There are ways to resolve this. And that has to do with more data. In particular, whole genome sequencing at high coverage can pick up very rare alleles, which are highly informative of more recent genealogical history, and so divide up even Northern Europeans in a way that is more comprehensible and historically accurate.
But really the problem isn’t with the data. We have very dense SNP-chip markers now. The problem isn’t with the methods. We have genotype and haplotype-based methods which can make pretty strong inferences, especially at the intercontinental level (e.g., a friend who is 1/4 Japanese genealogically comes out to be 24% Japanese genomically; the rest is European). The problem is that the public, including journalists, aren’t always clear what the results are telling them. Sometimes the DTC companies themselves may be at fault because of their unclear communication. And to be frank, the Henry Louis Gates Jr. in my opinion has often sown a lot of confusion as well with his television show, informative as it may be.

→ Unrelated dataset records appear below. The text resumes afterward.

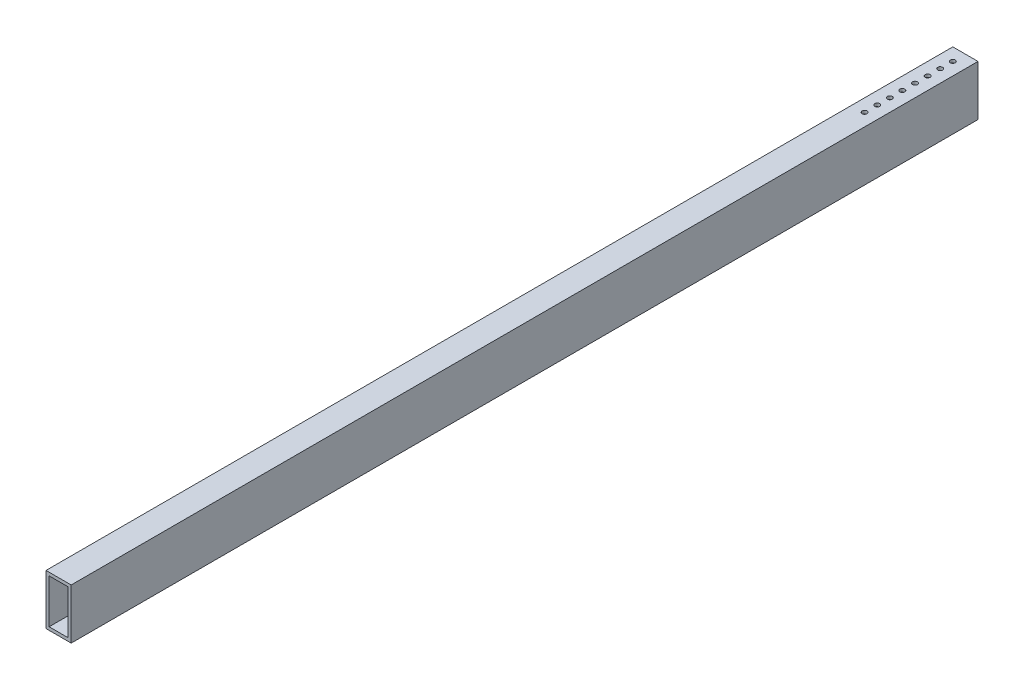
ISO-10303-21;
HEADER;
FILE_DESCRIPTION(('STEP AP214'),'2;1');
FILE_NAME('part.step','',(''),(''),'','','');
FILE_SCHEMA(('AUTOMOTIVE_DESIGN { 1 0 10303 214 1 1 1 1 }'));
ENDSEC;
DATA;
#1=APPLICATION_CONTEXT('core data for automotive mechanical design processes');
#2=APPLICATION_PROTOCOL_DEFINITION('international standard','automotive_design',2000,#1);
#3=PRODUCT_CONTEXT('',#1,'mechanical');
#4=PRODUCT('Part','Part','',(#3));
#5=PRODUCT_RELATED_PRODUCT_CATEGORY('part','',(#4));
#6=PRODUCT_DEFINITION_FORMATION('','',#4);
#7=PRODUCT_DEFINITION_CONTEXT('part definition',#1,'design');
#8=PRODUCT_DEFINITION('design','',#6,#7);
#9=PRODUCT_DEFINITION_SHAPE('','',#8);
#10=(LENGTH_UNIT() NAMED_UNIT(*) SI_UNIT(.MILLI.,.METRE.));
#11=(NAMED_UNIT(*) PLANE_ANGLE_UNIT() SI_UNIT($,.RADIAN.));
#12=(NAMED_UNIT(*) SI_UNIT($,.STERADIAN.) SOLID_ANGLE_UNIT());
#13=UNCERTAINTY_MEASURE_WITH_UNIT(LENGTH_MEASURE(1.E-05),#10,'distance_accuracy_value','');
#14=(GEOMETRIC_REPRESENTATION_CONTEXT(3) GLOBAL_UNCERTAINTY_ASSIGNED_CONTEXT((#13)) GLOBAL_UNIT_ASSIGNED_CONTEXT((#10,
#11,#12)) REPRESENTATION_CONTEXT('',''));
#15=CARTESIAN_POINT('',(0.,0.,0.));
#16=DIRECTION('',(0.,0.,1.));
#17=DIRECTION('',(1.,0.,0.));
#18=AXIS2_PLACEMENT_3D('',#15,#16,#17);
#19=CARTESIAN_POINT('',(0.,0.,914.4));
#20=DIRECTION('',(0.,0.,-1.));
#21=DIRECTION('',(-1.,0.,0.));
#22=AXIS2_PLACEMENT_3D('',#19,#20,#21);
#23=PLANE('',#22);
#24=DIRECTION('',(0.,1.,0.));
#25=VECTOR('',#24,1.);
#26=CARTESIAN_POINT('',(12.7,-25.4,914.4));
#27=LINE('',#26,#25);
#28=CARTESIAN_POINT('',(12.7,-25.4,914.4));
#29=VERTEX_POINT('',#28);
#30=CARTESIAN_POINT('',(12.7,25.4,914.4));
#31=VERTEX_POINT('',#30);
#32=EDGE_CURVE('E157',#29,#31,#27,.T.);
#33=ORIENTED_EDGE('',*,*,#32,.T.);
#34=DIRECTION('',(-1.,0.,0.));
#35=VECTOR('',#34,1.);
#36=CARTESIAN_POINT('',(-12.7,25.4,914.4));
#37=LINE('',#36,#35);
#38=CARTESIAN_POINT('',(-12.7,25.4,914.4));
#39=VERTEX_POINT('',#38);
#40=EDGE_CURVE('E161',#31,#39,#37,.T.);
#41=ORIENTED_EDGE('',*,*,#40,.T.);
#42=DIRECTION('',(0.,-1.,0.));
#43=VECTOR('',#42,1.);
#44=CARTESIAN_POINT('',(-12.7,-25.4,914.4));
#45=LINE('',#44,#43);
#46=CARTESIAN_POINT('',(-12.7,-25.4,914.4));
#47=VERTEX_POINT('',#46);
#48=EDGE_CURVE('E165',#39,#47,#45,.T.);
#49=ORIENTED_EDGE('',*,*,#48,.T.);
#50=DIRECTION('',(1.,0.,0.));
#51=VECTOR('',#50,1.);
#52=CARTESIAN_POINT('',(-12.7,-25.4,914.4));
#53=LINE('',#52,#51);
#54=EDGE_CURVE('E168',#47,#29,#53,.T.);
#55=ORIENTED_EDGE('',*,*,#54,.T.);
#56=EDGE_LOOP('',(#33,#41,#49,#55));
#57=FACE_BOUND('',#56,.T.);
#58=DIRECTION('',(1.,0.,0.));
#59=VECTOR('',#58,1.);
#60=CARTESIAN_POINT('',(-9.525,-22.225,914.4));
#61=LINE('',#60,#59);
#62=CARTESIAN_POINT('',(-9.525,-22.225,914.4));
#63=VERTEX_POINT('',#62);
#64=CARTESIAN_POINT('',(9.52499999999999,-22.225,914.4));
#65=VERTEX_POINT('',#64);
#66=EDGE_CURVE('E107',#63,#65,#61,.T.);
#67=ORIENTED_EDGE('',*,*,#66,.F.);
#68=DIRECTION('',(0.,-1.,0.));
#69=VECTOR('',#68,1.);
#70=CARTESIAN_POINT('',(-9.525,-22.225,914.4));
#71=LINE('',#70,#69);
#72=CARTESIAN_POINT('',(-9.525,22.225,914.4));
#73=VERTEX_POINT('',#72);
#74=EDGE_CURVE('E133',#73,#63,#71,.T.);
#75=ORIENTED_EDGE('',*,*,#74,.F.);
#76=DIRECTION('',(-1.,0.,0.));
#77=VECTOR('',#76,1.);
#78=CARTESIAN_POINT('',(-9.525,22.225,914.4));
#79=LINE('',#78,#77);
#80=CARTESIAN_POINT('',(9.525,22.225,914.4));
#81=VERTEX_POINT('',#80);
#82=EDGE_CURVE('E129',#81,#73,#79,.T.);
#83=ORIENTED_EDGE('',*,*,#82,.F.);
#84=DIRECTION('',(0.,1.,0.));
#85=VECTOR('',#84,1.);
#86=CARTESIAN_POINT('',(9.52499999999999,-22.225,914.4));
#87=LINE('',#86,#85);
#88=EDGE_CURVE('E116',#65,#81,#87,.T.);
#89=ORIENTED_EDGE('',*,*,#88,.F.);
#90=EDGE_LOOP('',(#67,#75,#83,#89));
#91=FACE_BOUND('',#90,.T.);
#92=ADVANCED_FACE('F39',(#57,#91),#23,.F.);
#93=CARTESIAN_POINT('',(0.,0.,0.));
#94=DIRECTION('',(0.,0.,-1.));
#95=DIRECTION('',(-1.,0.,0.));
#96=AXIS2_PLACEMENT_3D('',#93,#94,#95);
#97=PLANE('',#96);
#98=DIRECTION('',(0.,1.,0.));
#99=VECTOR('',#98,1.);
#100=CARTESIAN_POINT('',(12.7,-25.4,0.));
#101=LINE('',#100,#99);
#102=CARTESIAN_POINT('',(12.7,-25.4,0.));
#103=VERTEX_POINT('',#102);
#104=CARTESIAN_POINT('',(12.7,25.4,0.));
#105=VERTEX_POINT('',#104);
#106=EDGE_CURVE('E125',#103,#105,#101,.T.);
#107=ORIENTED_EDGE('',*,*,#106,.F.);
#108=DIRECTION('',(1.,0.,0.));
#109=VECTOR('',#108,1.);
#110=CARTESIAN_POINT('',(-12.7,-25.4,0.));
#111=LINE('',#110,#109);
#112=CARTESIAN_POINT('',(-12.7,-25.4,0.));
#113=VERTEX_POINT('',#112);
#114=EDGE_CURVE('E162',#113,#103,#111,.T.);
#115=ORIENTED_EDGE('',*,*,#114,.F.);
#116=DIRECTION('',(0.,-1.,0.));
#117=VECTOR('',#116,1.);
#118=CARTESIAN_POINT('',(-12.7,-25.4,0.));
#119=LINE('',#118,#117);
#120=CARTESIAN_POINT('',(-12.7,25.4,0.));
#121=VERTEX_POINT('',#120);
#122=EDGE_CURVE('E178',#121,#113,#119,.T.);
#123=ORIENTED_EDGE('',*,*,#122,.F.);
#124=DIRECTION('',(-1.,0.,0.));
#125=VECTOR('',#124,1.);
#126=CARTESIAN_POINT('',(-12.7,25.4,0.));
#127=LINE('',#126,#125);
#128=EDGE_CURVE('E175',#105,#121,#127,.T.);
#129=ORIENTED_EDGE('',*,*,#128,.F.);
#130=EDGE_LOOP('',(#107,#115,#123,#129));
#131=FACE_BOUND('',#130,.T.);
#132=DIRECTION('',(0.,-1.,0.));
#133=VECTOR('',#132,1.);
#134=CARTESIAN_POINT('',(-9.525,-22.225,0.));
#135=LINE('',#134,#133);
#136=CARTESIAN_POINT('',(-9.525,22.225,0.));
#137=VERTEX_POINT('',#136);
#138=CARTESIAN_POINT('',(-9.525,-22.225,0.));
#139=VERTEX_POINT('',#138);
#140=EDGE_CURVE('E117',#137,#139,#135,.T.);
#141=ORIENTED_EDGE('',*,*,#140,.T.);
#142=DIRECTION('',(1.,0.,0.));
#143=VECTOR('',#142,1.);
#144=CARTESIAN_POINT('',(-9.525,-22.225,0.));
#145=LINE('',#144,#143);
#146=CARTESIAN_POINT('',(9.52499999999999,-22.225,0.));
#147=VERTEX_POINT('',#146);
#148=EDGE_CURVE('E65',#139,#147,#145,.T.);
#149=ORIENTED_EDGE('',*,*,#148,.T.);
#150=DIRECTION('',(0.,1.,0.));
#151=VECTOR('',#150,1.);
#152=CARTESIAN_POINT('',(9.52499999999999,-22.225,0.));
#153=LINE('',#152,#151);
#154=CARTESIAN_POINT('',(9.525,22.225,0.));
#155=VERTEX_POINT('',#154);
#156=EDGE_CURVE('E123',#147,#155,#153,.T.);
#157=ORIENTED_EDGE('',*,*,#156,.T.);
#158=DIRECTION('',(-1.,0.,0.));
#159=VECTOR('',#158,1.);
#160=CARTESIAN_POINT('',(-9.525,22.225,0.));
#161=LINE('',#160,#159);
#162=EDGE_CURVE('E144',#155,#137,#161,.T.);
#163=ORIENTED_EDGE('',*,*,#162,.T.);
#164=EDGE_LOOP('',(#141,#149,#157,#163));
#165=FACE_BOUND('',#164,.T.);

Looping back to Elizabeth Warren, the biggest issue with her maybe not having any indigenous ancestry combined with a Cherokee ancestor five generations back is that the Cherokee nation in the 19th century was already genetically mixed. The great chief John Ross was 1/8th Cherokee by blood quantum. That is, 1/8th of his ancestors were present in the New World in 1492. So a simple reason for why Elizabeth Warren might be Cherokee, but without indigenous ancestry, is that her Cherokee ancestor may not have had much indigenous ancestry. It’s not because genetics can’t pick up indigenous ancestry, genetics can. It’s just that this is a case were social and cultural history and definitions are important.
To be honest this post is a bit trivial. But lots of people read The Washington Post and Slate. As I just explained above there is a simple reason why Elizabeth Warren could come out 100% European in her ancestry, and, be of Cherokee descent. Instead of explaining this, the media has decided to look for people who claim that genetics just can’t answer this question. In the process they garble, mislead, and repeat falsehoods (the sample size for Ancestry.com is obviously wrong to anyone who is familiar with that field, but the journalist is not familiar, so it passed their smell test since they had no grounds for discernment).
This post exists only so that at least there is someone out there correcting the record.
Addendum: A reader:
This seems, um, contrivedly obtuse. 115 samples per region times 26 regions is a total sample size of 2990, which seems reasonably close to 3000. Going the other way, 3000 / 26 is 115.4, so that will be where the claim of “115 per region” came from. There was no claim of “115 total”; the piece says that the representative of each region is constructed from 115 samples.
It’s true that 115 is an average figure and that’s not made clear in the article, but I’m not sure how comforting I should find it that the representative of “Polynesia” is actually constructed from 18 samples rather than 115.
A fair, but inadvertently ignorant, point. Sample sizes of ~20 are actually quite sufficient to generate reference populations. It partially depends on how diverse the populations are you are trying to use as a reference.